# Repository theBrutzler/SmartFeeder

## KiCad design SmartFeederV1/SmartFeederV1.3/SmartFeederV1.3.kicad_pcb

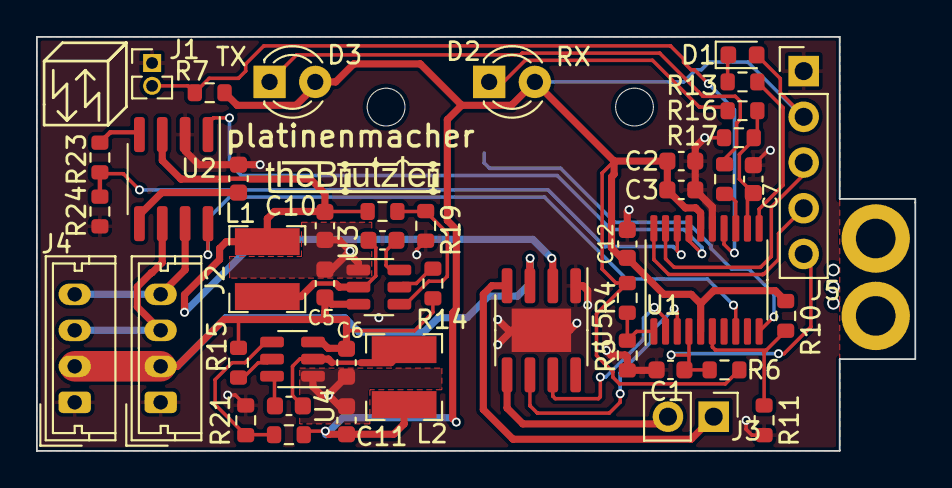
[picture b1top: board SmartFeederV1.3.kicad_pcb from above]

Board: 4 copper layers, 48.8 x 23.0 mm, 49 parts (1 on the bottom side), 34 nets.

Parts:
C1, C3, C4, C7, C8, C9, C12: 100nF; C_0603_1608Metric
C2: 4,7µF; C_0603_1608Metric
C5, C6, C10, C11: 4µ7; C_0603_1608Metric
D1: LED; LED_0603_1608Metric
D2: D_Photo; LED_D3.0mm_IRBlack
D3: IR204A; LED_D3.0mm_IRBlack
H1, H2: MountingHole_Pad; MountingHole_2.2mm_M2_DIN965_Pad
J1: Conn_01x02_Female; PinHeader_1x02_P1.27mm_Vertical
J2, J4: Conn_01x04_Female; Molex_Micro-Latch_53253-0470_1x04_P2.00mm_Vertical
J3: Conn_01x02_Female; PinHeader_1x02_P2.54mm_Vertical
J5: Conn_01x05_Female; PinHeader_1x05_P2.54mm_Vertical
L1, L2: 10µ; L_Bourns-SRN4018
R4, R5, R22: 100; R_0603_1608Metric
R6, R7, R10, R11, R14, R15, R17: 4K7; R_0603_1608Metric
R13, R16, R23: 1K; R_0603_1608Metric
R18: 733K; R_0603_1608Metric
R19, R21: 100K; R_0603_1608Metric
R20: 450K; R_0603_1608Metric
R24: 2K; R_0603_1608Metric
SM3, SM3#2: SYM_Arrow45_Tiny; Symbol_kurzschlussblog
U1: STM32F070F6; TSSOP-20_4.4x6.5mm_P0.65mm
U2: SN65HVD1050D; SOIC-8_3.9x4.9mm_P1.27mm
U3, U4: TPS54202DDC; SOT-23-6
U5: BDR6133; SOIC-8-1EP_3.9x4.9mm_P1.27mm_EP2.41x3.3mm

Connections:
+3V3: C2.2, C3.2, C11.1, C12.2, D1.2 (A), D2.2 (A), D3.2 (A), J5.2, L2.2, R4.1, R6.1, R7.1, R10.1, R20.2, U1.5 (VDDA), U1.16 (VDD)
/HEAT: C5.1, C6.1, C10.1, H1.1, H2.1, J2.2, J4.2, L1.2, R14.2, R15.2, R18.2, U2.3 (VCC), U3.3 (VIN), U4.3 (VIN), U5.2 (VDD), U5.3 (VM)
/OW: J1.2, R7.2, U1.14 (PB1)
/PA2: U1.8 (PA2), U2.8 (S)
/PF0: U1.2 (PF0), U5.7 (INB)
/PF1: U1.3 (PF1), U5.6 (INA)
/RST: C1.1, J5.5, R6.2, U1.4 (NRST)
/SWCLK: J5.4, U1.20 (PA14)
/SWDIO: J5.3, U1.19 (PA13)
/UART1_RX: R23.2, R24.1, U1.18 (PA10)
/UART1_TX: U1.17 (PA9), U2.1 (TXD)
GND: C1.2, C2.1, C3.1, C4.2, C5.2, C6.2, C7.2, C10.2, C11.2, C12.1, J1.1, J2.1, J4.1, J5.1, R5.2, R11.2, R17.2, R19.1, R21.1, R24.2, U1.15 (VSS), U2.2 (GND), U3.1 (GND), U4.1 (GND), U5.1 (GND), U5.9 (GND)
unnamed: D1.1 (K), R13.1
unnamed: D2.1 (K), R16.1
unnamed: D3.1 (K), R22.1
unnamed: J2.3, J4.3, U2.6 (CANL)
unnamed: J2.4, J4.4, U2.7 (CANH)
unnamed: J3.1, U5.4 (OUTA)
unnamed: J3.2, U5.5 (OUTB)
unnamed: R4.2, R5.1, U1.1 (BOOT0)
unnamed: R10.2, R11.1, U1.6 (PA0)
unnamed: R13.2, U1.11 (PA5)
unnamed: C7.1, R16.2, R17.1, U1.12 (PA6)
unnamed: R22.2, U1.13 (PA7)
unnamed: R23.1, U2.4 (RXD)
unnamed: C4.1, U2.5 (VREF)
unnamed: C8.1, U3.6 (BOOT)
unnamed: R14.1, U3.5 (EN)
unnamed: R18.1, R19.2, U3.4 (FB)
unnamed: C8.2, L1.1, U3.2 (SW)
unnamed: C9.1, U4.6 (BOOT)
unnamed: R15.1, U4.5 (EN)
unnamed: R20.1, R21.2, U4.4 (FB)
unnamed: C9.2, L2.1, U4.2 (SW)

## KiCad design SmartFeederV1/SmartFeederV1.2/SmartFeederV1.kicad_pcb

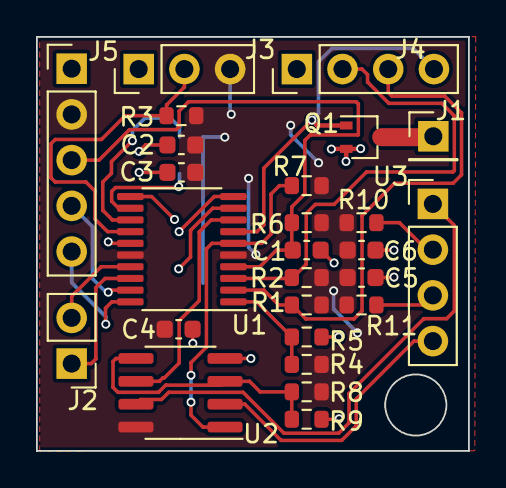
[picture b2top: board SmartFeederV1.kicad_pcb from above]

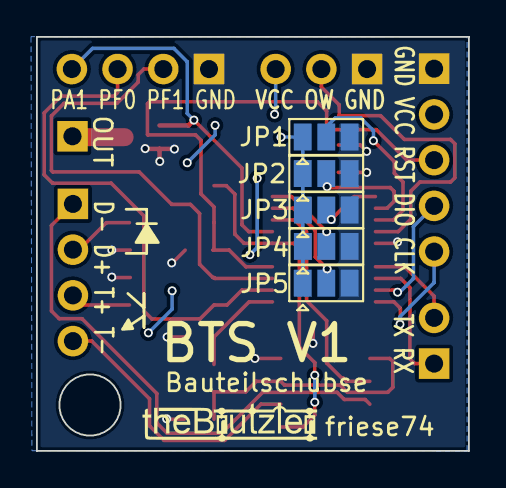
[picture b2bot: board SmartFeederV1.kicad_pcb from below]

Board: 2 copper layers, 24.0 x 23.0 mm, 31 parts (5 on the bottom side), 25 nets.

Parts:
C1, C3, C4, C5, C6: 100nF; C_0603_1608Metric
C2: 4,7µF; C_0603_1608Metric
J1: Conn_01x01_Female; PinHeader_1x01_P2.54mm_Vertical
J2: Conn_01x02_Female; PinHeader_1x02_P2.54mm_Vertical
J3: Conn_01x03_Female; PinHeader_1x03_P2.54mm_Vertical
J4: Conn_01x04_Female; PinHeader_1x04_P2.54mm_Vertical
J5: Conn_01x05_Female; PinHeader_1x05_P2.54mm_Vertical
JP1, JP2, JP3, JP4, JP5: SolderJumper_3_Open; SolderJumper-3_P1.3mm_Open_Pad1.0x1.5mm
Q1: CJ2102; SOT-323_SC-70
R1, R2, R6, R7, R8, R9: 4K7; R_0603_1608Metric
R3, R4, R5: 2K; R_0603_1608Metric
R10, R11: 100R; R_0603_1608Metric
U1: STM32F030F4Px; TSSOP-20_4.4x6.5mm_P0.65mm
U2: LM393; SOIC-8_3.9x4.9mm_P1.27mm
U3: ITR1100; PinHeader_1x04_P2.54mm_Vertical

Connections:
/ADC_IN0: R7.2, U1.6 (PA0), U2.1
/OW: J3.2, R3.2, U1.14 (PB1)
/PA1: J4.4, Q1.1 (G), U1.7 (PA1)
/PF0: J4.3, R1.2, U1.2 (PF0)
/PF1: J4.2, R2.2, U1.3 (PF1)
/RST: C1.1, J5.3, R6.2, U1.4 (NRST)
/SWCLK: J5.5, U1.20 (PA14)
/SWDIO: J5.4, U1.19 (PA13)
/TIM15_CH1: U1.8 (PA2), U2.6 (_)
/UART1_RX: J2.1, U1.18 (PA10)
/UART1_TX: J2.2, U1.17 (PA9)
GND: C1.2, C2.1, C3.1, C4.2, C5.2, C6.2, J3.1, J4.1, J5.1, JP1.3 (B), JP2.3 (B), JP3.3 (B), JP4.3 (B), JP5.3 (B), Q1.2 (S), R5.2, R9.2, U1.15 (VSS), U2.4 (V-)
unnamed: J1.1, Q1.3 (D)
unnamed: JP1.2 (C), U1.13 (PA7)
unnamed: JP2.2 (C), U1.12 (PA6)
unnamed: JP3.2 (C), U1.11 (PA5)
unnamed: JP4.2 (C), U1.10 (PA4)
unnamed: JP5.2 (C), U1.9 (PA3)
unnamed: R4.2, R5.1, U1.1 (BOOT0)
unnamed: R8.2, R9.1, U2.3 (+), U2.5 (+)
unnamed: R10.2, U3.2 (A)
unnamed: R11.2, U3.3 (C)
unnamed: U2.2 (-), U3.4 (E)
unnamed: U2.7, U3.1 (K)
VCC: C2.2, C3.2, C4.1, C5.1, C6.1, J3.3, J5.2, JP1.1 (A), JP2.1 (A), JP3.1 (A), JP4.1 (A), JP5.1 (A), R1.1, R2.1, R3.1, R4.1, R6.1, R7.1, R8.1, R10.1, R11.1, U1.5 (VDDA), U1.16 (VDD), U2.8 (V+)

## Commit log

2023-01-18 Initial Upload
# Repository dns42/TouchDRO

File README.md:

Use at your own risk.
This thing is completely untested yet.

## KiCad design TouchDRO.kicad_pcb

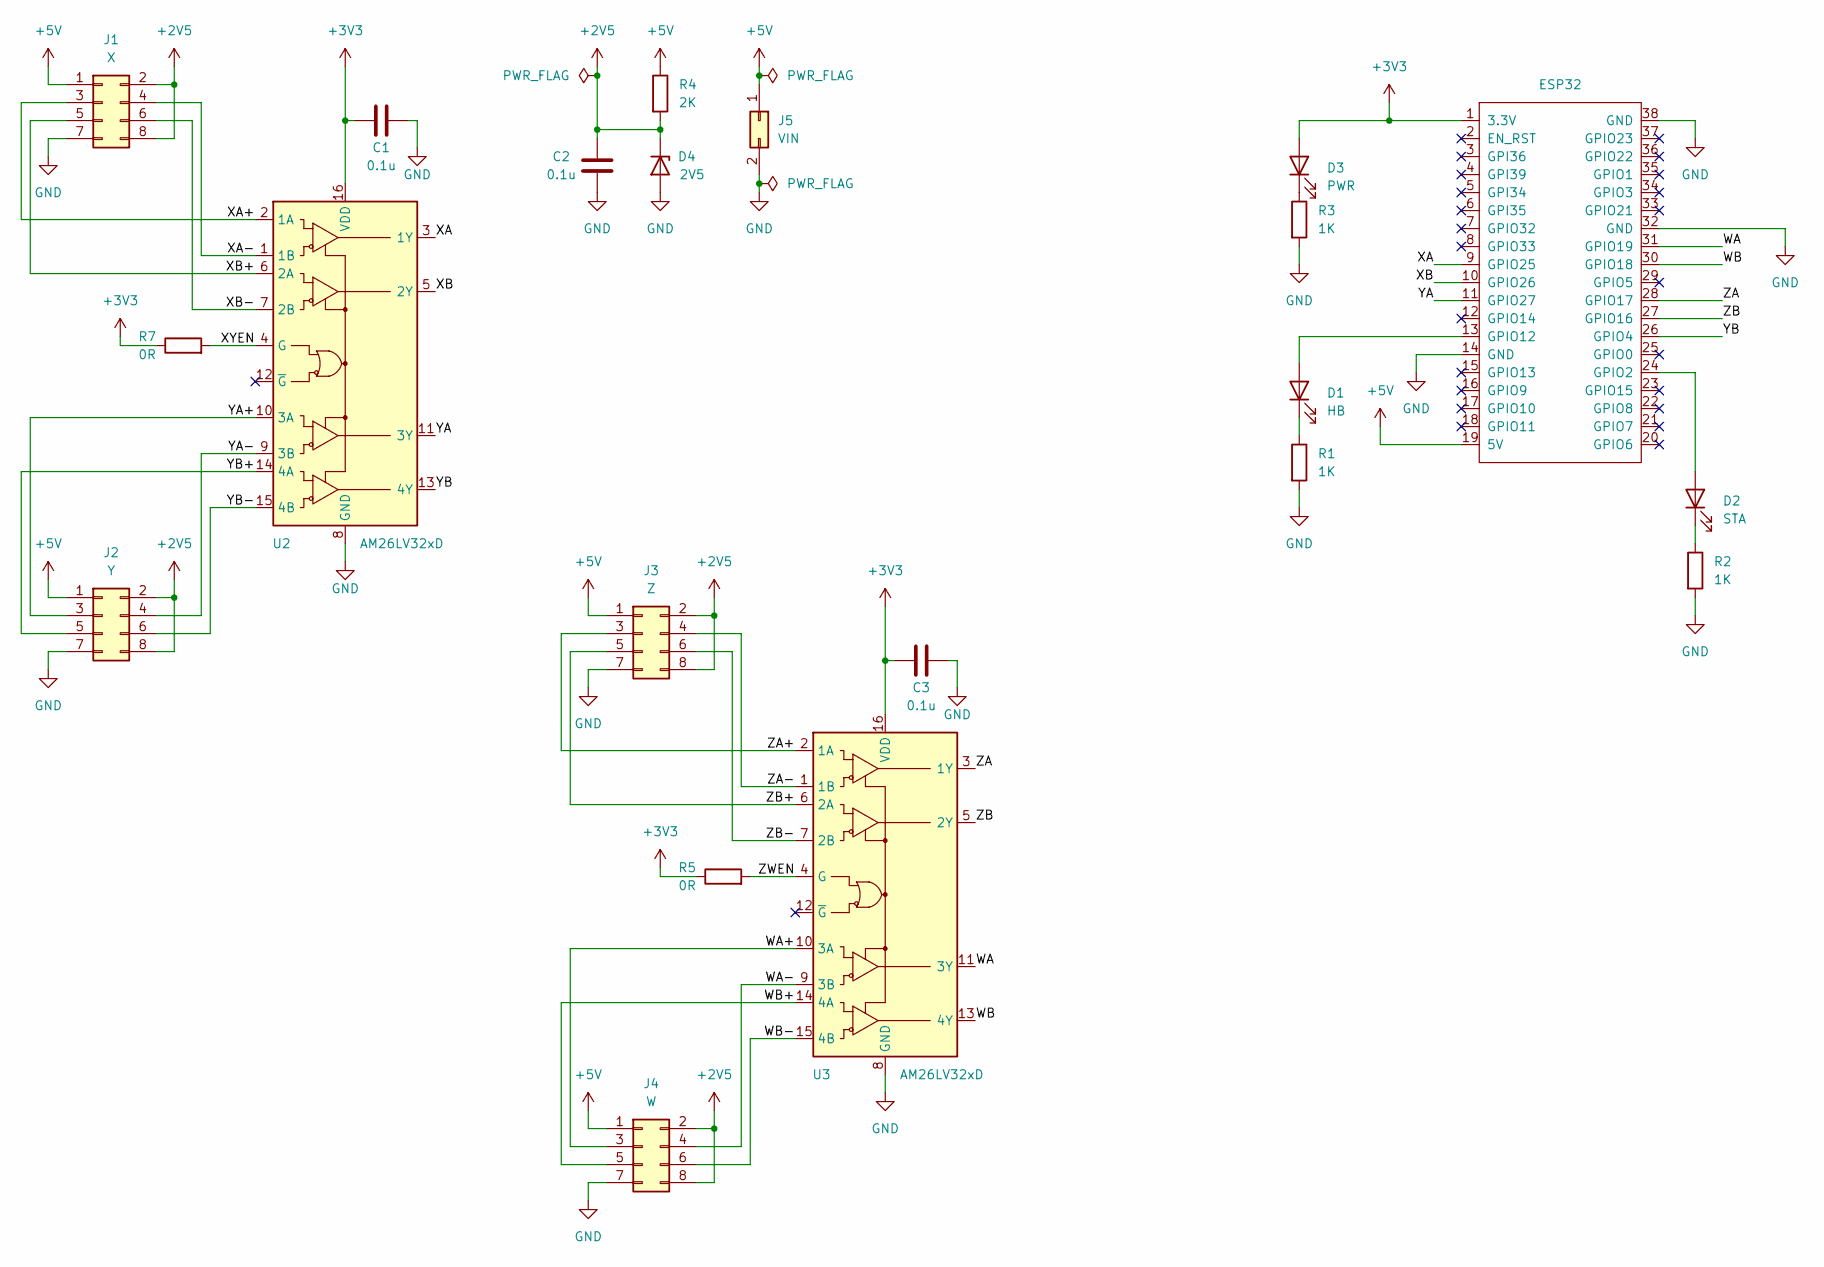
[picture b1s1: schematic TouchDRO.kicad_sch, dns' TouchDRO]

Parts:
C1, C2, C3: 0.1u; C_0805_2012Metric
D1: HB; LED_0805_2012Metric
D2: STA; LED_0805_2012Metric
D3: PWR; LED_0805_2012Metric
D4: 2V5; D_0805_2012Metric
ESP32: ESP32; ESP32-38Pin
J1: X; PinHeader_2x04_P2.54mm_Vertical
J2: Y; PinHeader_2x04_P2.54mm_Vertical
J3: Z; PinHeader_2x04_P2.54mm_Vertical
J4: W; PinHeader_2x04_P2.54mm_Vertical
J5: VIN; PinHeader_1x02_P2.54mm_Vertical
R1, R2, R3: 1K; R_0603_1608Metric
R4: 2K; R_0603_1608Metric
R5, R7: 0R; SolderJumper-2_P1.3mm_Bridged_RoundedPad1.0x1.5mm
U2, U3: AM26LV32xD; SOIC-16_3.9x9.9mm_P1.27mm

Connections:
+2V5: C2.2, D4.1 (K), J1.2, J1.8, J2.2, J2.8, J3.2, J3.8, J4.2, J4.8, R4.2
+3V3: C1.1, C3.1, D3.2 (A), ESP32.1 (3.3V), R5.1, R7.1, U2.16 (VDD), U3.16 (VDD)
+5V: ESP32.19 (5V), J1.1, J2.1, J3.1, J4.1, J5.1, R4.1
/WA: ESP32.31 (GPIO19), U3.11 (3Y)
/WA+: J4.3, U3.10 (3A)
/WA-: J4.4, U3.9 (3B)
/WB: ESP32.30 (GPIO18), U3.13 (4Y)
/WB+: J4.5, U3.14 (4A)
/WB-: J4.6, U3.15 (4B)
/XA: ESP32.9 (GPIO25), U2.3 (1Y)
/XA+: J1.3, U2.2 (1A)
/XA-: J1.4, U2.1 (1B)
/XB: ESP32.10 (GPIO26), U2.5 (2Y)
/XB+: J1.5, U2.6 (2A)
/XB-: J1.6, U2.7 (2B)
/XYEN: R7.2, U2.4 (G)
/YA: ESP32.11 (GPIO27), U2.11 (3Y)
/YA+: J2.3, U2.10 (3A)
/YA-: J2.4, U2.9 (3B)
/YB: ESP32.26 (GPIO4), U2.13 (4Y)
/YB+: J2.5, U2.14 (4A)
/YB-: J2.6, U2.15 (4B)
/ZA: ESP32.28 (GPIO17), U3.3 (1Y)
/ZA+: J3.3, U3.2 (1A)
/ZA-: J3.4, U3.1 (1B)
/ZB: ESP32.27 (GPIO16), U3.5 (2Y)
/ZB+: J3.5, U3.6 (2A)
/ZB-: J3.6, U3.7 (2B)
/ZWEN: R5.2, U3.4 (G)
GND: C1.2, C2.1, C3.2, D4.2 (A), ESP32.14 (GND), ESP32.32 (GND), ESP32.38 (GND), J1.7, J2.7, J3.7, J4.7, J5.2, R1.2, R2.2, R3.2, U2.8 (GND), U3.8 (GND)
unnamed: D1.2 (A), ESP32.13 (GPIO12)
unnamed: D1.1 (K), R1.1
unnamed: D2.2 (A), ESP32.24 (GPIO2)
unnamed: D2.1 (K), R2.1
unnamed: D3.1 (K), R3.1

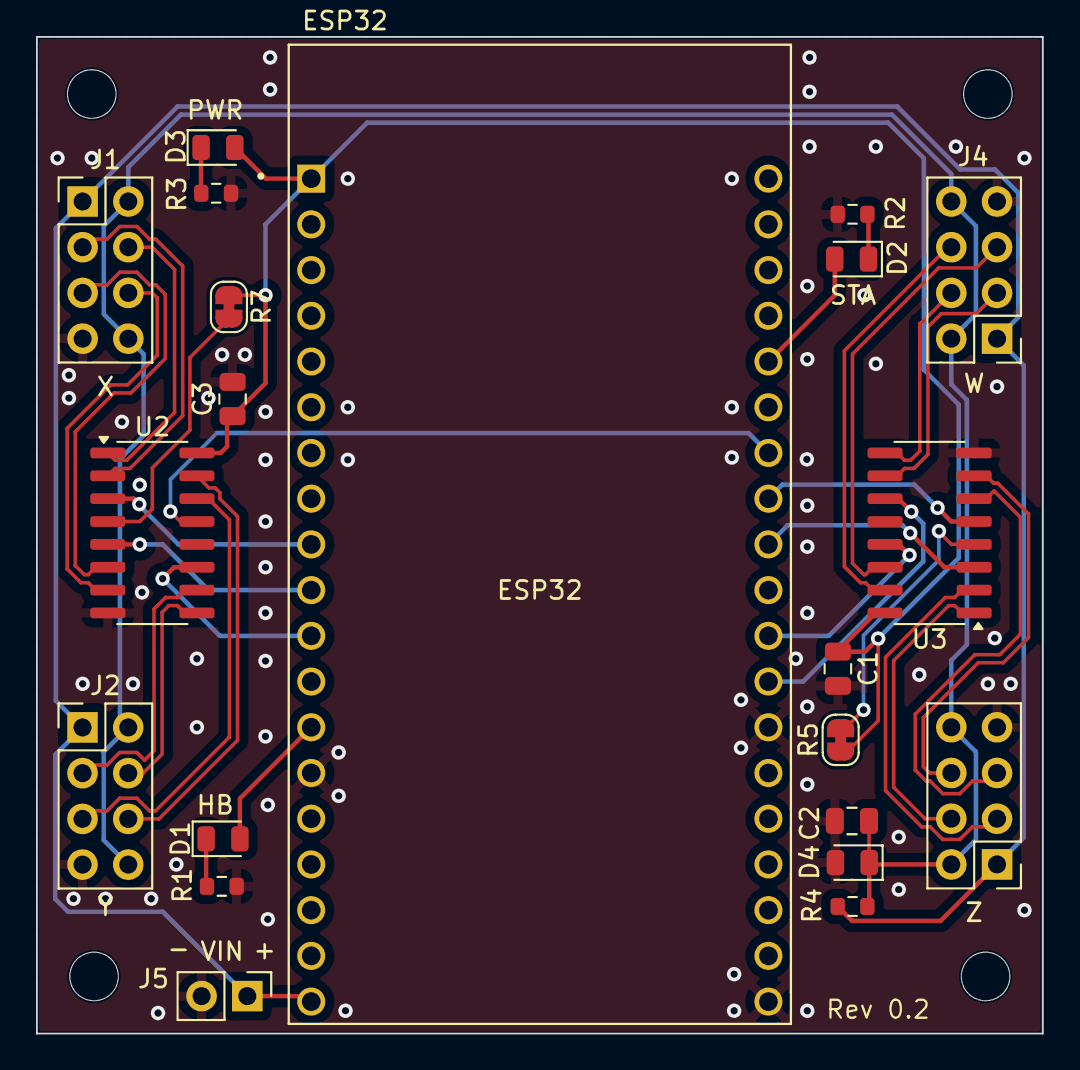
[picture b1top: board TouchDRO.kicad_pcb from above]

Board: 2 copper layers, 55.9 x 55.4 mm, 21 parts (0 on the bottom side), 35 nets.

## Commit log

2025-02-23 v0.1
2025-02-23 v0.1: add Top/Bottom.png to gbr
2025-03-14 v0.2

# Task
Whenever a line of the material holds the word "TouchDRO", copy it out.

# Response area
# Repository dns42/TouchDRO
## KiCad design TouchDRO.kicad_pcb
[picture b1s1: schematic TouchDRO.kicad_sch, dns' TouchDRO]
[picture b1top: board TouchDRO.kicad_pcb from above]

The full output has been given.